# Work required
The entries below are to be copied exactly, with nothing left out.

Items listed in a dataset

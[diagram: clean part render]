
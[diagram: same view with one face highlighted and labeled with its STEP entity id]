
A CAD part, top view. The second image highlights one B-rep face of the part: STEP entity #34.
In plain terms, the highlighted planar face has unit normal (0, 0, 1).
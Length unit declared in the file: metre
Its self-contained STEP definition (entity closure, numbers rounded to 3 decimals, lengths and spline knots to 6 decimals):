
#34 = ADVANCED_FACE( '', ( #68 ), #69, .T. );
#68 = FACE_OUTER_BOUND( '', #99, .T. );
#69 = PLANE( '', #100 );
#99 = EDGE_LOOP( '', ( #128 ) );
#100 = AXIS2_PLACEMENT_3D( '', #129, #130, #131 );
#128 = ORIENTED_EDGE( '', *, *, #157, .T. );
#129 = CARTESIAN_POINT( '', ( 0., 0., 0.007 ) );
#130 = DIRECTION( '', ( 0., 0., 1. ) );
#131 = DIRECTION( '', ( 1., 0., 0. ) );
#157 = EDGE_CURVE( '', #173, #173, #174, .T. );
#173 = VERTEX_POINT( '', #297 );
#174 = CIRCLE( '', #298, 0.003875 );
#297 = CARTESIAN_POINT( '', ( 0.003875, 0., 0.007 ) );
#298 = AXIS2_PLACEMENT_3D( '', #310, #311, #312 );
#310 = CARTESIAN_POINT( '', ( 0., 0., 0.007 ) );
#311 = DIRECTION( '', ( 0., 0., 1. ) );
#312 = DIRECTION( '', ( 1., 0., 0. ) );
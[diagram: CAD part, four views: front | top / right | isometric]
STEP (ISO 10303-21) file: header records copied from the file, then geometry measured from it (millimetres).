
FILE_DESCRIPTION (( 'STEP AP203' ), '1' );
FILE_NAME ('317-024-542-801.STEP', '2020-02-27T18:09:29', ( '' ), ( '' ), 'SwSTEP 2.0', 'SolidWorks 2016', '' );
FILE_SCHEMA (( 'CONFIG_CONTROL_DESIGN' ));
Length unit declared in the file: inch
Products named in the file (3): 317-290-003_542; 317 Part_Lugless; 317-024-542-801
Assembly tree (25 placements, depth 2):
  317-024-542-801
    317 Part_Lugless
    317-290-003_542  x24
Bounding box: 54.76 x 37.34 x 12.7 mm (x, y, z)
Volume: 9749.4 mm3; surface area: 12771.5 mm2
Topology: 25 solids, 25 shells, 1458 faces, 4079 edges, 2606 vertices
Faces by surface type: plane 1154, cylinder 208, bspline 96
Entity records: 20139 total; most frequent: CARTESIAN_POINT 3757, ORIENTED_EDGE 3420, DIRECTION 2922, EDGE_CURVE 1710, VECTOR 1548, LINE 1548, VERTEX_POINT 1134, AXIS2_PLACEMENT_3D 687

# Solution for this problem
[diagram: clean part render]
[diagram: same view with one face highlighted and labeled with its STEP entity id]
A CAD part, top view. The second image highlights one B-rep face of the part: STEP entity #34.
In plain terms, the highlighted planar face has unit normal (0, 0, 1).
Length unit declared in the file: metre
Its self-contained STEP definition (entity closure, numbers rounded to 3 decimals, lengths and spline knots to 6 decimals):
#34 = ADVANCED_FACE( '', ( #68 ), #69, .T. );
#68 = FACE_OUTER_BOUND( '', #99, .T. );
#69 = PLANE( '', #100 );
#99 = EDGE_LOOP( '', ( #128 ) );
#100 = AXIS2_PLACEMENT_3D( '', #129, #130, #131 );
#128 = ORIENTED_EDGE( '', *, *, #157, .T. );
#129 = CARTESIAN_POINT( '', ( 0., 0., 0.007 ) );
#130 = DIRECTION( '', ( 0., 0., 1. ) );
#131 = DIRECTION( '', ( 1., 0., 0. ) );
#157 = EDGE_CURVE( '', #173, #173, #174, .T. );
#173 = VERTEX_POINT( '', #297 );
#174 = CIRCLE( '', #298, 0.003875 );
#297 = CARTESIAN_POINT( '', ( 0.003875, 0., 0.007 ) );
#298 = AXIS2_PLACEMENT_3D( '', #310, #311, #312 );
#310 = CARTESIAN_POINT( '', ( 0., 0., 0.007 ) );
#311 = DIRECTION( '', ( 0., 0., 1. ) );
#312 = DIRECTION( '', ( 1., 0., 0. ) );
[diagram: CAD part, four views: front | top / right | isometric]
STEP (ISO 10303-21) file: header records copied from the file, then geometry measured from it (millimetres).
FILE_DESCRIPTION (( 'STEP AP203' ), '1' );
FILE_NAME ('317-024-542-801.STEP', '2020-02-27T18:09:29', ( '' ), ( '' ), 'SwSTEP 2.0', 'SolidWorks 2016', '' );
FILE_SCHEMA (( 'CONFIG_CONTROL_DESIGN' ));
Length unit declared in the file: inch
Products named in the file (3): 317-290-003_542; 317 Part_Lugless; 317-024-542-801
Assembly tree (25 placements, depth 2):
  317-024-542-801
    317 Part_Lugless
    317-290-003_542  x24
Bounding box: 54.76 x 37.34 x 12.7 mm (x, y, z)
Volume: 9749.4 mm3; surface area: 12771.5 mm2
Topology: 25 solids, 25 shells, 1458 faces, 4079 edges, 2606 vertices
Faces by surface type: plane 1154, cylinder 208, bspline 96
Entity records: 20139 total; most frequent: CARTESIAN_POINT 3757, ORIENTED_EDGE 3420, DIRECTION 2922, EDGE_CURVE 1710, VECTOR 1548, LINE 1548, VERTEX_POINT 1134, AXIS2_PLACEMENT_3D 687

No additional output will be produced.